Data Engineering

Data Engineering Process

Creating data pipelines is the backbone of any business intelligence or data analytics project. In this part of the process, the goal is to combine data from different sources and ensure it stays updated for downstream tools. This is actually the part I enjoy the most, finding clean solutions to messy problems and designing ETL processes that are simple, maintainable, and efficient.

  • Efficient Pipelines: Building ETL automations, generally using Python and Bash, that are easy to read, understand, and modify. Avoiding over-engineering as, most of the time, simple tools get the job done best.
  • Using the Right Tools: Sticking to Python and SQL whenever possible has proven to be the most effective approach. It improves readability, simplifies debugging, and makes onboarding new people much easier.
  • ELT vs ETL: I strongly believe that ELT is usually the best approach, especially for small and medium businesses (SMEs) where data volumes aren't massive. Loading raw data into a centralized data lake first, then transforming it with tools like dbt, makes development faster and keeps pipelines easier to maintain.
  • Testing and Monitoring: Centralizing logging, testing, and monitoring ensures that pipelines are reliable and easy to manage. Having structured logging and automated checks in place makes it easier to catch issues early and track performance over time.

Tech Stack

My approach to data engineering is focused around using technologies that are flexible and commonplace, avoiding vendor lock-in whenever possible. I use tools which are simple, but powerful, ensuring that pipelines are easy to understand, debug and maintain.
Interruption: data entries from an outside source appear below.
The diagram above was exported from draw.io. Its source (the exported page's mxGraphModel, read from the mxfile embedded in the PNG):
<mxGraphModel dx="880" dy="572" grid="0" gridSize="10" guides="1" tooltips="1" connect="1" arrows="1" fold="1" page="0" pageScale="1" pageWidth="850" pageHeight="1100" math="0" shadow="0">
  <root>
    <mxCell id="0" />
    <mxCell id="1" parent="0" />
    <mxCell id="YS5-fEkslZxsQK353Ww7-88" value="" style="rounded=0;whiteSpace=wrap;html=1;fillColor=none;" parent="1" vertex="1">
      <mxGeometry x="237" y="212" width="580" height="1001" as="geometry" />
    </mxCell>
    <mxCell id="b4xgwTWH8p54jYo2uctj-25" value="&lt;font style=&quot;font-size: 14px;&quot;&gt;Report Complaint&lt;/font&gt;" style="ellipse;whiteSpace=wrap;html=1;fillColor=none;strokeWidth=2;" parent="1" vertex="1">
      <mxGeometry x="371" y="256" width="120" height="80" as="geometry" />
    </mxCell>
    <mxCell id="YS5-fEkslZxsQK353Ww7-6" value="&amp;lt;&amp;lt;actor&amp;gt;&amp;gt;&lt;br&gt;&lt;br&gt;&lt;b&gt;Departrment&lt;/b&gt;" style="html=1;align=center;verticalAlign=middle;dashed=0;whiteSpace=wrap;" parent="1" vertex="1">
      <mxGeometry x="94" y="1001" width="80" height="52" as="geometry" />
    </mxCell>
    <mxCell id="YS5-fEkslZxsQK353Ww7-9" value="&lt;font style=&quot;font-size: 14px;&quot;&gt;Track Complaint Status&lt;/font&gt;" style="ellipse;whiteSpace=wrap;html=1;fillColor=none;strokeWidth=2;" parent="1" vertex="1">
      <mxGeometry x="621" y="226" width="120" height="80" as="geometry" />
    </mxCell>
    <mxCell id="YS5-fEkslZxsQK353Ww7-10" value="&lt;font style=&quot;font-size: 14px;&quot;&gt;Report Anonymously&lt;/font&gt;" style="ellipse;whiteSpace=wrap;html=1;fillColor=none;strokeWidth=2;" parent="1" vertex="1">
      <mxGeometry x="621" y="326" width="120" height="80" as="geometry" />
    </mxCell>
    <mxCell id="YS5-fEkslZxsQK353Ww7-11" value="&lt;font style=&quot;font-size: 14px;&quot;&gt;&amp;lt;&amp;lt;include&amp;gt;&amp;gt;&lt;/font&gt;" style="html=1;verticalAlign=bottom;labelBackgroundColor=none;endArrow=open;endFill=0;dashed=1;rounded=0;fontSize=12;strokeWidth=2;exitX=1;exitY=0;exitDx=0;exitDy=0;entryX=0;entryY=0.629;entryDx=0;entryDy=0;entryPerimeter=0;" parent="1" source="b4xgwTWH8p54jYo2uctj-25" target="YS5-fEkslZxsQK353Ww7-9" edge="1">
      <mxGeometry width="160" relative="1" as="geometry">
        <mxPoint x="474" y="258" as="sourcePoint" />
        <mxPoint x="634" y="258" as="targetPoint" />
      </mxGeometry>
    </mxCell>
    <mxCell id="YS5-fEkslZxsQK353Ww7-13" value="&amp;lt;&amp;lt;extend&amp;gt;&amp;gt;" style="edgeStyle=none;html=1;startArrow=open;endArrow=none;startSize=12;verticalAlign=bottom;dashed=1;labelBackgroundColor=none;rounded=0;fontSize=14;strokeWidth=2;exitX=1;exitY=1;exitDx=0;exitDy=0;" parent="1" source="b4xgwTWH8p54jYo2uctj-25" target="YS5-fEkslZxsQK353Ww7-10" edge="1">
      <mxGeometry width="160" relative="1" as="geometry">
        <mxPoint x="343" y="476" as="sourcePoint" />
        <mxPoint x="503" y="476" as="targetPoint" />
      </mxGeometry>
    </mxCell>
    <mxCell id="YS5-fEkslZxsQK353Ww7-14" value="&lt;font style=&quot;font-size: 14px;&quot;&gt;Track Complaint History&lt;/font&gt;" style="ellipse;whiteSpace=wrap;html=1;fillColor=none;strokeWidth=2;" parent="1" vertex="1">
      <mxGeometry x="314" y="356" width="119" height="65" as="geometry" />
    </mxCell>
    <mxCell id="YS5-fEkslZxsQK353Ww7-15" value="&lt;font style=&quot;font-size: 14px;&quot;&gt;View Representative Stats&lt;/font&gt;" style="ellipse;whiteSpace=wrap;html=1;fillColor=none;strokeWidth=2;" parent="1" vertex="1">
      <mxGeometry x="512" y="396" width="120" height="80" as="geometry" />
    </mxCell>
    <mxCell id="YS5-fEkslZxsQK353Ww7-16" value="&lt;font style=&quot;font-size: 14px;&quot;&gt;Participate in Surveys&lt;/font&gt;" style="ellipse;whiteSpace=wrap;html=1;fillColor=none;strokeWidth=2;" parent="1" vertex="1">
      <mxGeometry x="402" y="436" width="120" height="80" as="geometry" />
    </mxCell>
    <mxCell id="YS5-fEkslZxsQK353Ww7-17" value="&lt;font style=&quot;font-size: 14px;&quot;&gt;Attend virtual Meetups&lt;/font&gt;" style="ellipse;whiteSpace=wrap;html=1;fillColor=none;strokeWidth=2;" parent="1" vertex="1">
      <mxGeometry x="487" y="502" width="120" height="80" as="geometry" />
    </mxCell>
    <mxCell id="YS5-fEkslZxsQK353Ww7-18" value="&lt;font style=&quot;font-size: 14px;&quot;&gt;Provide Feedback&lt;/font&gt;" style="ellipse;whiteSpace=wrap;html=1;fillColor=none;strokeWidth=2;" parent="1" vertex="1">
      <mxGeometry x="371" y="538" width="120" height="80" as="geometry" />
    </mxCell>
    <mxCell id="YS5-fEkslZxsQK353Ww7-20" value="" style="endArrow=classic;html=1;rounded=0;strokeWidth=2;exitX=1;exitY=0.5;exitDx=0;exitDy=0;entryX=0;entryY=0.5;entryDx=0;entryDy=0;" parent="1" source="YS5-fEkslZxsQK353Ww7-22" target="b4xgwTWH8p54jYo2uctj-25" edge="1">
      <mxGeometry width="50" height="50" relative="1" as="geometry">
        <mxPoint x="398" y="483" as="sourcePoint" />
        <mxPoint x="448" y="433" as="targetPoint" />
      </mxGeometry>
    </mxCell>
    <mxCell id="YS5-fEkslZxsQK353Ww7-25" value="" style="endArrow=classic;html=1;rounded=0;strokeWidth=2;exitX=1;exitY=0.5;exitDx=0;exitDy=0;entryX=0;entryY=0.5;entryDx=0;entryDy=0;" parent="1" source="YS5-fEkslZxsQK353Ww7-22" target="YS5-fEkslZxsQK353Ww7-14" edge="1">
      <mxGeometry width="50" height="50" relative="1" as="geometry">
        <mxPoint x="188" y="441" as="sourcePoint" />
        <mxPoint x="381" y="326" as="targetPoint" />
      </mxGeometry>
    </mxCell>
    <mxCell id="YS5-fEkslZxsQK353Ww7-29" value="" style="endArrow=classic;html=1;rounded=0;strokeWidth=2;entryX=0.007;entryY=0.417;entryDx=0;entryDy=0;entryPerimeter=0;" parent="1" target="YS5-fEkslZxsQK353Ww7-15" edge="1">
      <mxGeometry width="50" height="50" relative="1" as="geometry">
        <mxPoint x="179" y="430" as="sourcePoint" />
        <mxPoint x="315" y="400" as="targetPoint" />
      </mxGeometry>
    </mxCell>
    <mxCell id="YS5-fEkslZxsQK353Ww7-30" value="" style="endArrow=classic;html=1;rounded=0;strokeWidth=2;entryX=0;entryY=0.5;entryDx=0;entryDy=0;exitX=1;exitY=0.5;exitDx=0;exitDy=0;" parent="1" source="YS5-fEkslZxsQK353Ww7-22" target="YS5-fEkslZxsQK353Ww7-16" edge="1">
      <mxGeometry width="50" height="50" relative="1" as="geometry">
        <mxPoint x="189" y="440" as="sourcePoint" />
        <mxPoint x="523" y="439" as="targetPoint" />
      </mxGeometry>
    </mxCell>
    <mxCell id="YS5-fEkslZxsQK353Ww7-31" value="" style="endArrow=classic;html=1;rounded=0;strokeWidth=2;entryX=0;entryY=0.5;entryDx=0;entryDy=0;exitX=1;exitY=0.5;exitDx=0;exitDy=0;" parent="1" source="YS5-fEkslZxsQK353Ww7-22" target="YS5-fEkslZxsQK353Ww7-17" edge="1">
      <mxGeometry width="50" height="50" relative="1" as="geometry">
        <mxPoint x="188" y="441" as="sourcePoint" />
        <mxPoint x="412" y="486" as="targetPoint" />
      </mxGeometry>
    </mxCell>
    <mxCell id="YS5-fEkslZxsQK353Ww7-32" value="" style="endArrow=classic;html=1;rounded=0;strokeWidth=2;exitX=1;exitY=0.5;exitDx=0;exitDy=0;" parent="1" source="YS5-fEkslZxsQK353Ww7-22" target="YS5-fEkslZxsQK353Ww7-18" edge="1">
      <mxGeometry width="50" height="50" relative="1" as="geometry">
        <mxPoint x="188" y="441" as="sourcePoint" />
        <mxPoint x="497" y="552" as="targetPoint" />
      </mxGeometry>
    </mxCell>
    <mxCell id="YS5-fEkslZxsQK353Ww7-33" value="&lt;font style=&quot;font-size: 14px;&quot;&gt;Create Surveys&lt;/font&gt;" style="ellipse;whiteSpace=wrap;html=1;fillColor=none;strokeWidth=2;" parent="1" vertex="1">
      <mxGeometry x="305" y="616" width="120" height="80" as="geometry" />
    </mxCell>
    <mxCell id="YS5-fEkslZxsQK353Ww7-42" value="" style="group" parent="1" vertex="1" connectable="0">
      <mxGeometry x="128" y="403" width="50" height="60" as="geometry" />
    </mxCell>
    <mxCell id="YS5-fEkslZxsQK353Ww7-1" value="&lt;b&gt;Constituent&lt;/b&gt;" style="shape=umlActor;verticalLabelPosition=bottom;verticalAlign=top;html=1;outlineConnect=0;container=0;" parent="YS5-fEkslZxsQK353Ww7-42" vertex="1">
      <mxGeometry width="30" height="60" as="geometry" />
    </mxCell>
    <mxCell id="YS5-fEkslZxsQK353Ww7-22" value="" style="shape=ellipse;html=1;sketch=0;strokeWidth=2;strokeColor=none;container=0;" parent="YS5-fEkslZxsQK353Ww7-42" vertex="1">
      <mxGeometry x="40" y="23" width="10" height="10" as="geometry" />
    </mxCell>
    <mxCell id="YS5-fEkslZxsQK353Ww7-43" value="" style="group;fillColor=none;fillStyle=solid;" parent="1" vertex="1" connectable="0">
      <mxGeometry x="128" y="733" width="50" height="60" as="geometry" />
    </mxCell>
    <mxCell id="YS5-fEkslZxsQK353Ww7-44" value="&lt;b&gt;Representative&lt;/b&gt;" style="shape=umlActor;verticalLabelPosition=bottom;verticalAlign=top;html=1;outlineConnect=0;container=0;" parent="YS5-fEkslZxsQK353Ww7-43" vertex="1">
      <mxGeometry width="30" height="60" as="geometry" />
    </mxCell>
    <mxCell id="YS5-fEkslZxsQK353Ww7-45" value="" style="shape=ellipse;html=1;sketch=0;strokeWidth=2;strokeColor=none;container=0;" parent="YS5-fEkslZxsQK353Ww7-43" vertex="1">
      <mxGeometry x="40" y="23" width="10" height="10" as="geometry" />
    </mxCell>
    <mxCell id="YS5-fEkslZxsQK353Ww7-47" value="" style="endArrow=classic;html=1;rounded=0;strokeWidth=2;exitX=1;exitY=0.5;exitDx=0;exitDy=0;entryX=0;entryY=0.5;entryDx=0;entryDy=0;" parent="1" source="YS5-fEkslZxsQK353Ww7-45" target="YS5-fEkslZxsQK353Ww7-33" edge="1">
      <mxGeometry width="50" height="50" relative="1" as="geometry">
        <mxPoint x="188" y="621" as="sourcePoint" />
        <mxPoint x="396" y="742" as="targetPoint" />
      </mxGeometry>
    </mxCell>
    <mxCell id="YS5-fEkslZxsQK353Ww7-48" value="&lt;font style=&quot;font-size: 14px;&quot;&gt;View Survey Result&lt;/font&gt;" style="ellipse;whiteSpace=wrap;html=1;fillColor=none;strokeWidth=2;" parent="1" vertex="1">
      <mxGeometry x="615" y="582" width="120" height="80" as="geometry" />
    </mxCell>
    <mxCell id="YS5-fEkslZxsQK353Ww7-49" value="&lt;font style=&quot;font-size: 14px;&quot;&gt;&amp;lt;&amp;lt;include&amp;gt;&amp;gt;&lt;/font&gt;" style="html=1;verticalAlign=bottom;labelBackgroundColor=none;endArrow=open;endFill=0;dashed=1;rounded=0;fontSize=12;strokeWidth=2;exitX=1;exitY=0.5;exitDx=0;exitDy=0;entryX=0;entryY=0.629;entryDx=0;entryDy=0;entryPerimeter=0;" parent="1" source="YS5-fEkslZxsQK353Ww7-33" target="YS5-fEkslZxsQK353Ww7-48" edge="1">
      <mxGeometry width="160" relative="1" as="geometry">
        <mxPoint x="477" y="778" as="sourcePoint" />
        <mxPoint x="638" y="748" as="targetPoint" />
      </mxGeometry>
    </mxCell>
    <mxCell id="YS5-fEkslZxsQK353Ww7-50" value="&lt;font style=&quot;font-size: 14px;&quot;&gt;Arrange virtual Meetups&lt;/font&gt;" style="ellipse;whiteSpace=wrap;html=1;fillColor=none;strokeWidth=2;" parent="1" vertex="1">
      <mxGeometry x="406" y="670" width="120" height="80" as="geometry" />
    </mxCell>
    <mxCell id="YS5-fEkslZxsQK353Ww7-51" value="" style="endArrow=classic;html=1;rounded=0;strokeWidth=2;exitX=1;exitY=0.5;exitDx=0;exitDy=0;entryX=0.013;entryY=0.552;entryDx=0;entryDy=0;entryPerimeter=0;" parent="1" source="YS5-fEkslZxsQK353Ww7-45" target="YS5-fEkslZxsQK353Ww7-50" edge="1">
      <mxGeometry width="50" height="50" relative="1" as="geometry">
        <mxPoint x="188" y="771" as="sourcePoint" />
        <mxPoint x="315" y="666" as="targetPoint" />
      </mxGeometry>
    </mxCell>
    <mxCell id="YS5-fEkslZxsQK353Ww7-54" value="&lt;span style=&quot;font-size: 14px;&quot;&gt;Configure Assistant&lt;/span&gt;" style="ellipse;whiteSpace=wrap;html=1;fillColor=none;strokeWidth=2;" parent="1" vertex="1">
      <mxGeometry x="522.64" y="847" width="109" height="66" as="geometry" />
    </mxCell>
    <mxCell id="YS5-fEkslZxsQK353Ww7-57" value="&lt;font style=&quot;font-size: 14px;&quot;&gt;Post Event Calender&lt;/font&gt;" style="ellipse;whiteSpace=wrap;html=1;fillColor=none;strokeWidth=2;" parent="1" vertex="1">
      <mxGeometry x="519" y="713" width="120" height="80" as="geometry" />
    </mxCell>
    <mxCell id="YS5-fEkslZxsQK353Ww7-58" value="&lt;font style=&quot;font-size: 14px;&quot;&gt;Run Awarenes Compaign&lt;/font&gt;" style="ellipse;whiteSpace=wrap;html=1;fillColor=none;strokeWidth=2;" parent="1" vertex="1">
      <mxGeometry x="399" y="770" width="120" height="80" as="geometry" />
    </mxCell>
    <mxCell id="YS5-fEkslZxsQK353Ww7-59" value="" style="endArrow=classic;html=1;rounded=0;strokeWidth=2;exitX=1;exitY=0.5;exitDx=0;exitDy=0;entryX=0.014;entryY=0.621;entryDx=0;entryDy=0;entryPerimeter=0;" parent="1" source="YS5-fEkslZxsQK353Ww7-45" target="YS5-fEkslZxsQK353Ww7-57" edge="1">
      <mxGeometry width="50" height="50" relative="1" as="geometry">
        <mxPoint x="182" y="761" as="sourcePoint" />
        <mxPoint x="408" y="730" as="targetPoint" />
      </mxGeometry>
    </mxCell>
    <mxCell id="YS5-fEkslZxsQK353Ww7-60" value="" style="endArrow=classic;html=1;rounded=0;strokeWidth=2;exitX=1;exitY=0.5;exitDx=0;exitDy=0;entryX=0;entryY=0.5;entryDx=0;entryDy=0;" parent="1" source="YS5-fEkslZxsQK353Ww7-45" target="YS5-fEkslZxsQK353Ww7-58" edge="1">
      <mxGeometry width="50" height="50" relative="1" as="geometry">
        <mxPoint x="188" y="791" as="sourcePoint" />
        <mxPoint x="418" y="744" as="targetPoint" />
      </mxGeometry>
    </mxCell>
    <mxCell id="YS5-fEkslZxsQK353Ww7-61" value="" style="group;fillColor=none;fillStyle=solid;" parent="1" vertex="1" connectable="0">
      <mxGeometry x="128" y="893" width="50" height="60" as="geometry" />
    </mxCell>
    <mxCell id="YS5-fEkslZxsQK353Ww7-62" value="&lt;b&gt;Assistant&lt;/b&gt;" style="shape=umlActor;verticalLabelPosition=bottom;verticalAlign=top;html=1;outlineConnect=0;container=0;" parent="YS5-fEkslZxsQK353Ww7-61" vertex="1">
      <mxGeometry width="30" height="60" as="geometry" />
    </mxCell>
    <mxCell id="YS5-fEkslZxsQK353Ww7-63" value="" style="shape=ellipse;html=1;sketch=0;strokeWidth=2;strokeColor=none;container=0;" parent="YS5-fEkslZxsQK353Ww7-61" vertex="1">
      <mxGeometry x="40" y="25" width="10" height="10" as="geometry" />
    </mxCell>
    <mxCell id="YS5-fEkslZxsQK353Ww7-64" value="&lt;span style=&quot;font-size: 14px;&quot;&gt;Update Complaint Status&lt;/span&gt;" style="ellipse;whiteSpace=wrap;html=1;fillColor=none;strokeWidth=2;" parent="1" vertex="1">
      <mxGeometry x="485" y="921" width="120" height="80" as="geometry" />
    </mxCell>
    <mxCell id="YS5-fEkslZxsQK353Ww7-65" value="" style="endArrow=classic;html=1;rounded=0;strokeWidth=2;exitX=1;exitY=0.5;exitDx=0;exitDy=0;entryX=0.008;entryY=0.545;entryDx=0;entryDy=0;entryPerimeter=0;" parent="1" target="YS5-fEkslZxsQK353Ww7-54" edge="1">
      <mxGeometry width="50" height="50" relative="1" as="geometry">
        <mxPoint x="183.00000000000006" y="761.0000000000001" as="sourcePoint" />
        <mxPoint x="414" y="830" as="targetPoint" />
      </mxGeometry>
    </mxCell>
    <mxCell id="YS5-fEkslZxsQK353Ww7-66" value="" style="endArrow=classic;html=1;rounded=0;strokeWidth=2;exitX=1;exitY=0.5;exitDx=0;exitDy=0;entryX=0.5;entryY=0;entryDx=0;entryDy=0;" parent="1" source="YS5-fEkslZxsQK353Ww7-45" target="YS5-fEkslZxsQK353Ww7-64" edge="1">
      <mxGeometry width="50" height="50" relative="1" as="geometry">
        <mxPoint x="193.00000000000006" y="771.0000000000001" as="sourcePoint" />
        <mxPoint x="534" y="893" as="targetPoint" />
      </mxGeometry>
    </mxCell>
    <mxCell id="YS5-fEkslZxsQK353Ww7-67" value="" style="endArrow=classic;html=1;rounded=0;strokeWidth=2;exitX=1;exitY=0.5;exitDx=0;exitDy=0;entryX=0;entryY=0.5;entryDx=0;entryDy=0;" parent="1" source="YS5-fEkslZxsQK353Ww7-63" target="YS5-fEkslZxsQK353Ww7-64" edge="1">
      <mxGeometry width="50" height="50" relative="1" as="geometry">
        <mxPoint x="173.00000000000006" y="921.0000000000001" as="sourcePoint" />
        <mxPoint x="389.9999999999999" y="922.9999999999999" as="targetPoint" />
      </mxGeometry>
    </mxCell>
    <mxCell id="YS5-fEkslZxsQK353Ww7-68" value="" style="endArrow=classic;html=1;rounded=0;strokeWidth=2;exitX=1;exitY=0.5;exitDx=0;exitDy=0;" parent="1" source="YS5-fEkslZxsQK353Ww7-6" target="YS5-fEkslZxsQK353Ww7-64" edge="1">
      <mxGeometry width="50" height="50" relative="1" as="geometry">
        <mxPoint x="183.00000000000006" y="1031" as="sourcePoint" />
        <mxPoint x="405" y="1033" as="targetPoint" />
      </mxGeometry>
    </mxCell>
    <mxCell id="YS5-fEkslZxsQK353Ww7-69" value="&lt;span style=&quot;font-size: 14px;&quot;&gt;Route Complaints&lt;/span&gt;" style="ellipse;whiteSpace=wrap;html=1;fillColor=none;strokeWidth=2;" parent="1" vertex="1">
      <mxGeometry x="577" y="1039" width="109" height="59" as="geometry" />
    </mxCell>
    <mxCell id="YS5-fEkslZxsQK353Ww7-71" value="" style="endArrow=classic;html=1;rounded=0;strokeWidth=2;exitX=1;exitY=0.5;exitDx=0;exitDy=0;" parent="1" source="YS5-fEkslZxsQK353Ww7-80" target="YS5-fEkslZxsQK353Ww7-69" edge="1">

  • Data Orchestration: Primarily use Dagster to manage and schedule workflows. Similarly to Apache Airflow, which I've used in the past, everything is based on Python scripting.
  • ELT & Data Processing: Heavy use of Python (pandas, DuckDB) for transforming, cleaning and integrating data across multiple sources. Vast experience with dbt (data build tool) to automate transformations within the data warehouse.
  • Database & Storage: Extensive work with PostgreSQL and MySQL for structured data storage. Comfortable with cloud-based storage solutions, including S3 for object storage, DynamoDB for NoSQL, and EFS for shared filesystem storage.
  • Containerization & Deployment: Years of experience deploying my data engineering solutions in Docker containers on self-hosted VPS. Familiar with deploying on cloud platforms and managed services.
  • Monitoring & Logging: Experienced both with self-hosted monitoring solutions (Grafana, Prometheus, Loki) and cloud-based solutions (AWS CloudWatch). Comfortable setting up alerting mechanisms and health checks to proactively monitor pipeline performance and system stability.